Non ho mai letto Sally Rooney, ma immagino sia stata anche lei la nuova di x o y, e tutte insieme saranno state la nuova Zadie Smith o il nuovo Nick Hornby, questa premessa per dire che quando ci troviamo davanti a una novità, e Tempi eccitanti lo è, dovremmo ogni tanto registrare l’avvenimento in sé, divertendoci nella lettura, senza ricorrere al paragone, che spesso è di comodo, qualche volta è sbagliato, ed è sempre ingombrante. In più Rooney e Dolan sono pure amiche; in una recente intervista concessa a Laura Pezzino (si legge su Rivista Studio), la giovane scrittrice ha proprio evidenziato il leggero fastidio di dover rispondere ogni volta a domande su Sally Rooney, proprio perché si tratta di una cara amica.
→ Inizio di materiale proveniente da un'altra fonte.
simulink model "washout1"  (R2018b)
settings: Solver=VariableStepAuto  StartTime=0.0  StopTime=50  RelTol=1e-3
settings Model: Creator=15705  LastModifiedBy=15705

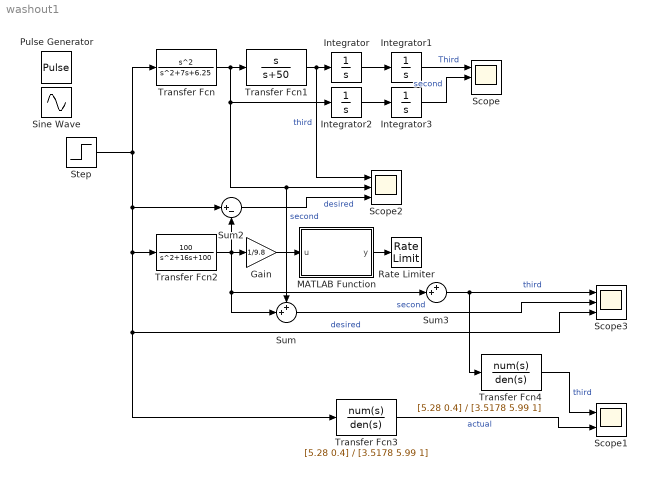
== system washout1 ==
  Gain : Gain  Gain=1/9.8
  Integrator{,1..3} (4 alike) : Integrator
  MATLAB Function : MATLAB Function  TreatAsAtomicUnit=on
  Pulse Generator : DiscretePulseGenerator  PulseType=Time based  Period=10  PulseWidth=50
  Rate Limiter : RateLimiter  RisingSlewLimit=0.0068  FallingSlewLimit=-0.0068  SampleTimeMode=inherited
  Scope : Scope  NumInputPorts=3
  Scope1 : Scope  NumInputPorts=2
  Scope2 : Scope  NumInputPorts=3
  Scope3 : Scope  NumInputPorts=3
  Sine Wave : Sin  Frequency=2  SampleTime=0
  Step : Step  Time=10  Before=1  After=0  SampleTime=0
  Sum : Sum  Inputs=++|
  Sum2 : Sum  Inputs=|+-
  Sum3 : Sum  Inputs=++|
  Transfer Fcn : TransferFcn  Numerator=[1 0 0]  Denominator=[1 7 6.25]
  Transfer Fcn1 : TransferFcn  Numerator=[1 0]  Denominator=[1 50]
  Transfer Fcn2 : TransferFcn  Numerator=[100]  Denominator=[1 16 100]
  Transfer Fcn3 : TransferFcn  Numerator=[5.28 0.4]  Denominator=[3.5178 5.99 1]
  Transfer Fcn4 : TransferFcn  Numerator=[5.28 0.4]  Denominator=[3.5178 5.99 1]
  wires:
  Integrator/1 -> Integrator1/1
  Step/1 -> Transfer Fcn/1, Sum2/1, Scope3/3, Transfer Fcn3/1, Transfer Fcn2/1  "desired"
  Integrator1/1 -> Scope/1  "Third"
  Transfer Fcn/1 -> Sum/1, Scope2/2, Integrator2/1, Transfer Fcn1/1  "second"
  Transfer Fcn1/1 -> Scope2/1, Integrator/1  "third"
  Integrator2/1 -> Integrator3/1
  Integrator3/1 -> Scope/2  "second"
  Transfer Fcn2/1 -> Sum3/2, Sum/2, Sum2/2, Gain/1
  Gain/1 -> MATLAB Function/1(u)
  MATLAB Function/1(y) -> Rate Limiter/1
  Transfer Fcn3/1 -> Scope1/2  "actual"
  Sum2/1 -> Scope2/3  "desired"
  Sum/1 -> Scope3/2  "second"
  Sum3/1 -> Transfer Fcn4/1, Scope3/1  "third"
  Transfer Fcn4/1 -> Scope1/1  "third"

== matlab function washout1/MATLAB Function ==
  data: u input; y output
function y = fcn(u)
y=asin(u);

Dolan ha scritto uno dei romanzi più piacevoli dell’anno, pieno di leggerezza e di profondità, raggiunta sovente attraverso dialoghi acuti e ai monologhi interiori di Ava – protagonista e voce narrante – ventiduenne di Dublino trasferitasi a Hong Kong.

 

«Avrei voluto dirgli che in una cornice in cui l’affetto suonava circospetto, l’ostentazione di un sentimento non poteva fare a meno di apparirmi ostile. Senti, gli avrei detto, è come la grammatica inglese. Non ha alcun senso ma è troppo tardi per cambiarla. Quando mi compri dei vestiti significa che vuoi accarezzarmi i capelli, quindi quando mi accarezzi i capelli per davvero, significa che vuoi che io mi trasferisca in Siberia e muoia».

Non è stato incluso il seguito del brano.